BEGIN Recorded data
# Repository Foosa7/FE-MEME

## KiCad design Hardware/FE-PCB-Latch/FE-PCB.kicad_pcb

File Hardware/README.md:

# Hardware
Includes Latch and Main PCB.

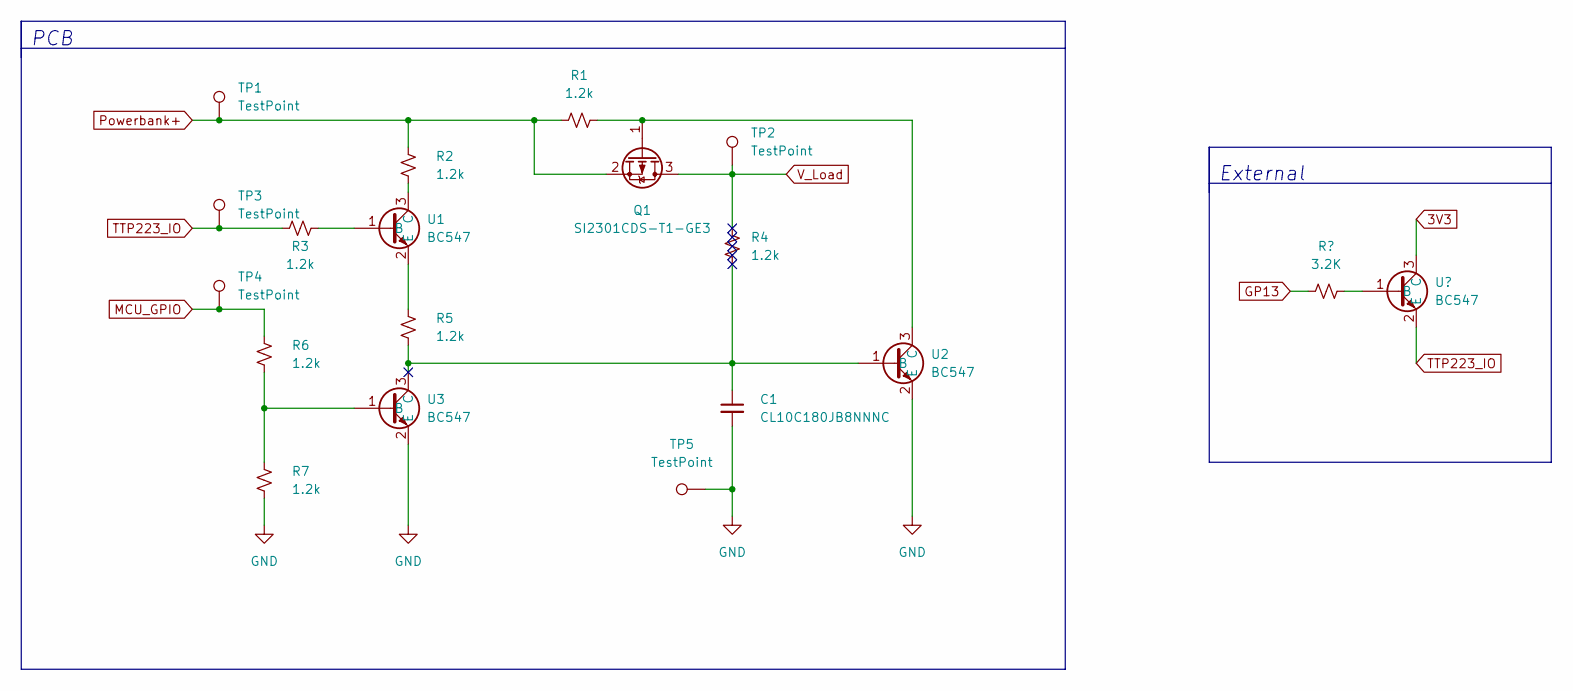
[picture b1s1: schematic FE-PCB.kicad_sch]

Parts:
C1: CL10C180JB8NNNC; C_0603_1608Metric; LCSC C1647
Q1: SI2301CDS-T1-GE3; SOT-23; LCSC C10487
R1, R2, R3, R4, R5, R6, R7: 1.2k; R_0603_1608Metric; LCSC C22765
TP1, TP2, TP3, TP4, TP5: TestPoint; cast_pad
U1, U2, U3: BC547; SOT-23; LCSC C105432

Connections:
GND: C1.2, R7.2, TP5.1, U2.2 (E), U3.2 (E)
MCU_GPIO: R6.1, TP4.1
unnamed: C1.1, R4.1, R5.2, U2.1 (B), U3.3 (C)
unnamed: Q1.1 (G), R1.2, U2.3 (C)
unnamed: R2.2, U1.3 (C)
unnamed: R3.2, U1.1 (B)
unnamed: R5.1, U1.2 (E)
unnamed: R6.2, R7.1, U3.1 (B)
Powerbank+: Q1.2 (S), R1.1, R2.1, TP1.1
TTP223_IO: R3.1, TP3.1
V_Load: Q1.3 (D), R4.2, TP2.1

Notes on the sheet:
External
PCB

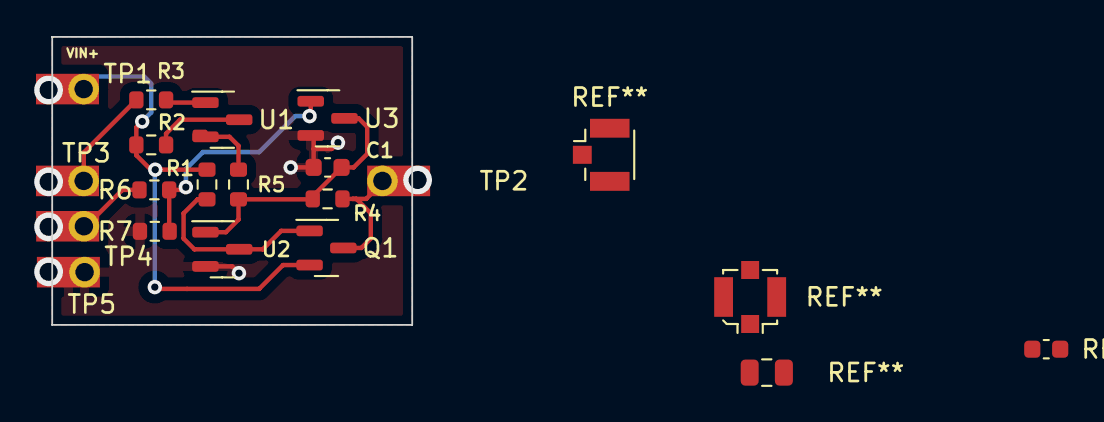
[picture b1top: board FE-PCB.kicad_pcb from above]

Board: 2 copper layers, 20.0 x 16.0 mm, 17 parts (0 on the bottom side), 11 nets.

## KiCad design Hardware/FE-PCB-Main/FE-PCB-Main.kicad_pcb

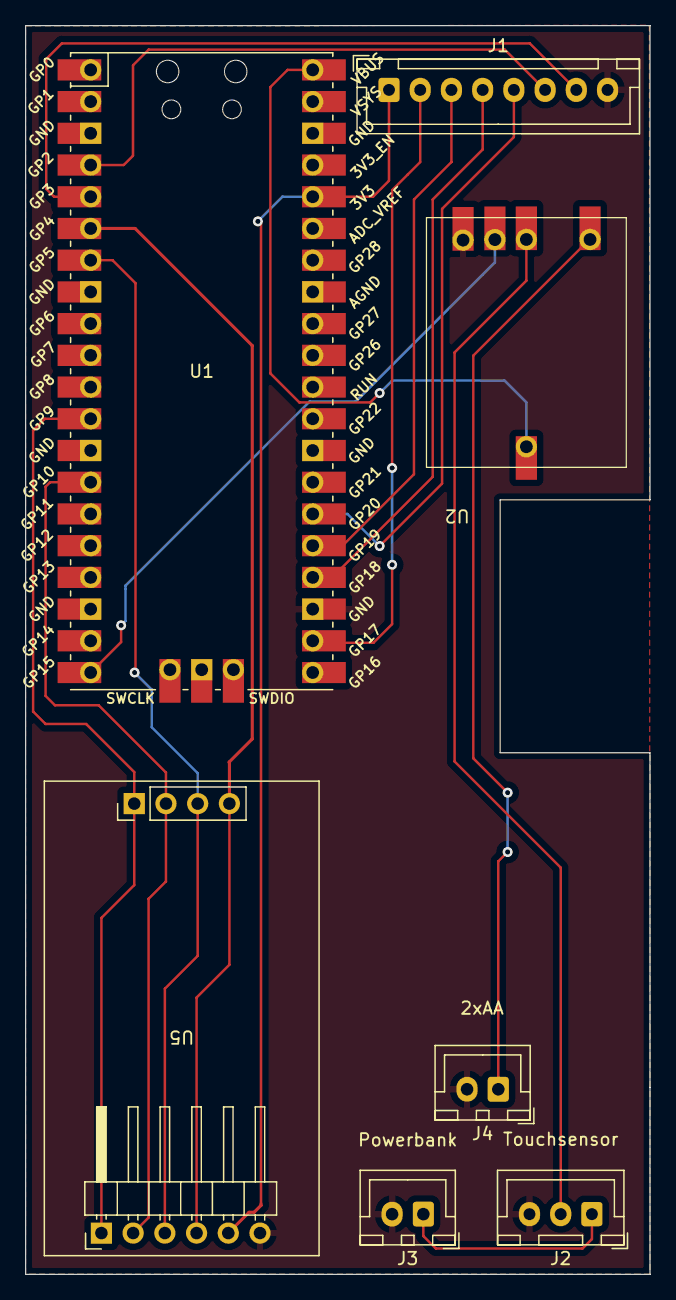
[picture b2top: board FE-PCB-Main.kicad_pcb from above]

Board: 2 copper layers, 50.0 x 100.0 mm, 7 parts (0 on the bottom side), 17 nets.

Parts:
J1: 8P-JST-XH; JST_XH_B8B-XH-A_1x08_P2.50mm_Vertical
J2: 3P-JST-XH; JST_XH_B3B-XH-A_1x03_P2.50mm_Vertical
J3, J4: 2P-JST-XH; JST_XH_B2B-XH-A_1x02_P2.50mm_Vertical
U1: Pico; RPi_Pico_SMD_TH
U2: Latch
U5: DS3231_PCB

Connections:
32K: U1.12 (GPIO9), U5.1 (32K)
+3V0: J2.1, J3.1
+3V3: J1.1, U1.36 (3V3), U5.5 (VCC)
+5V: J4.1, U2.1 (+VBus)
+LOAD: U1.40 (VBUS), U2.5 (+LOAD)
GND: J1.8, J2.3, J3.2, J4.2, U1.23 (GND), U2.4 (GND), U5.6 (GND)
I2C1_SCL: U1.7 (GPIO5), U5.3 (SCL)
I2C1_SDA: U1.6 (GPIO4), U5.4 (SDA)
SHUTDOWN: U1.20 (GPIO15), U2.3 (SHUTDOWN)
SQW: U1.14 (GPIO10), U5.2 (SQW)
TFT_BL: J1.2, U1.22 (GPIO17)
TFT_CS: J1.5, U1.26 (GPIO20)
TFT_DC: J1.4, U1.24 (GPIO18)
TFT_MOSI: J1.7, U1.5 (GPIO3)
TFT_RST: J1.3, U1.25 (GPIO19)
TFT_SCLK: J1.6, U1.4 (GPIO2)
TRIGGER: J2.2, U2.2 (TRIGGER)

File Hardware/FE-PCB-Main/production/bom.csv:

Designator,Footprint,Quantity,Value,LCSC Part #
J1,JST_XH_B8B-XH-A_1x08_P2.50mm_Vertical,1,8P-JST-XH ,
J2,JST_XH_B3B-XH-A_1x03_P2.50mm_Vertical,1,3P-JST-XH,
"J3, J4",JST_XH_B2B-XH-A_1x02_P2.50mm_Vertical,2,2P-JST-XH,
U1,RPi_Pico_SMD_TH,1,Pico,
U2,Latch,1,Latch,
U5,DS3231_PCB,1,DS3231_PCB,

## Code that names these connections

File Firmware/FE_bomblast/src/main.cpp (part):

/*

#define TFT_MISO 0 // RX PIN - Not Connected in display
#define TFT_SCLK 2 // In display, connect to SCL
#define TFT_MOSI 3 // In display, connect to SDA
#define TFT_CS   20  // In display, connect to CS
#define TFT_DC   18  // In display, connect to DC
#define TFT_RST  19  // In display, connect to RES
#define TFT_BL   17            // In display, connect to BLK
#define TFT_BACKLIGHT_ON HIGH  // Level to turn ON back-light (HIGH or LOW)

// #define PIN_WIRE_SDA (4u)
END Recorded data
Pictures aside, return all of the material exactly as written.

# Repository Foosa7/FE-MEME

## KiCad design Hardware/FE-PCB-Latch/FE-PCB.kicad_pcb

File Hardware/README.md:

# Hardware
Includes Latch and Main PCB.

[picture b1s1: schematic FE-PCB.kicad_sch]

Parts:
C1: CL10C180JB8NNNC; C_0603_1608Metric; LCSC C1647
Q1: SI2301CDS-T1-GE3; SOT-23; LCSC C10487
R1, R2, R3, R4, R5, R6, R7: 1.2k; R_0603_1608Metric; LCSC C22765
TP1, TP2, TP3, TP4, TP5: TestPoint; cast_pad
U1, U2, U3: BC547; SOT-23; LCSC C105432

Connections:
GND: C1.2, R7.2, TP5.1, U2.2 (E), U3.2 (E)
MCU_GPIO: R6.1, TP4.1
unnamed: C1.1, R4.1, R5.2, U2.1 (B), U3.3 (C)
unnamed: Q1.1 (G), R1.2, U2.3 (C)
unnamed: R2.2, U1.3 (C)
unnamed: R3.2, U1.1 (B)
unnamed: R5.1, U1.2 (E)
unnamed: R6.2, R7.1, U3.1 (B)
Powerbank+: Q1.2 (S), R1.1, R2.1, TP1.1
TTP223_IO: R3.1, TP3.1
V_Load: Q1.3 (D), R4.2, TP2.1

Notes on the sheet:
External
PCB

[picture b1top: board FE-PCB.kicad_pcb from above]

Board: 2 copper layers, 20.0 x 16.0 mm, 17 parts (0 on the bottom side), 11 nets.

## KiCad design Hardware/FE-PCB-Main/FE-PCB-Main.kicad_pcb

[picture b2top: board FE-PCB-Main.kicad_pcb from above]

Board: 2 copper layers, 50.0 x 100.0 mm, 7 parts (0 on the bottom side), 17 nets.

Parts:
J1: 8P-JST-XH; JST_XH_B8B-XH-A_1x08_P2.50mm_Vertical
J2: 3P-JST-XH; JST_XH_B3B-XH-A_1x03_P2.50mm_Vertical
J3, J4: 2P-JST-XH; JST_XH_B2B-XH-A_1x02_P2.50mm_Vertical
U1: Pico; RPi_Pico_SMD_TH
U2: Latch
U5: DS3231_PCB

Connections:
32K: U1.12 (GPIO9), U5.1 (32K)
+3V0: J2.1, J3.1
+3V3: J1.1, U1.36 (3V3), U5.5 (VCC)
+5V: J4.1, U2.1 (+VBus)
+LOAD: U1.40 (VBUS), U2.5 (+LOAD)
GND: J1.8, J2.3, J3.2, J4.2, U1.23 (GND), U2.4 (GND), U5.6 (GND)
I2C1_SCL: U1.7 (GPIO5), U5.3 (SCL)
I2C1_SDA: U1.6 (GPIO4), U5.4 (SDA)
SHUTDOWN: U1.20 (GPIO15), U2.3 (SHUTDOWN)
SQW: U1.14 (GPIO10), U5.2 (SQW)
TFT_BL: J1.2, U1.22 (GPIO17)
TFT_CS: J1.5, U1.26 (GPIO20)
TFT_DC: J1.4, U1.24 (GPIO18)
TFT_MOSI: J1.7, U1.5 (GPIO3)
TFT_RST: J1.3, U1.25 (GPIO19)
TFT_SCLK: J1.6, U1.4 (GPIO2)
TRIGGER: J2.2, U2.2 (TRIGGER)

File Hardware/FE-PCB-Main/production/bom.csv:

Designator,Footprint,Quantity,Value,LCSC Part #
J1,JST_XH_B8B-XH-A_1x08_P2.50mm_Vertical,1,8P-JST-XH ,
J2,JST_XH_B3B-XH-A_1x03_P2.50mm_Vertical,1,3P-JST-XH,
"J3, J4",JST_XH_B2B-XH-A_1x02_P2.50mm_Vertical,2,2P-JST-XH,
U1,RPi_Pico_SMD_TH,1,Pico,
U2,Latch,1,Latch,
U5,DS3231_PCB,1,DS3231_PCB,

## Code that names these connections

File Firmware/FE_bomblast/src/main.cpp (part):

/*

#define TFT_MISO 0 // RX PIN - Not Connected in display
#define TFT_SCLK 2 // In display, connect to SCL
#define TFT_MOSI 3 // In display, connect to SDA
#define TFT_CS   20  // In display, connect to CS
#define TFT_DC   18  // In display, connect to DC
#define TFT_RST  19  // In display, connect to RES
#define TFT_BL   17            // In display, connect to BLK
#define TFT_BACKLIGHT_ON HIGH  // Level to turn ON back-light (HIGH or LOW)

// #define PIN_WIRE_SDA (4u)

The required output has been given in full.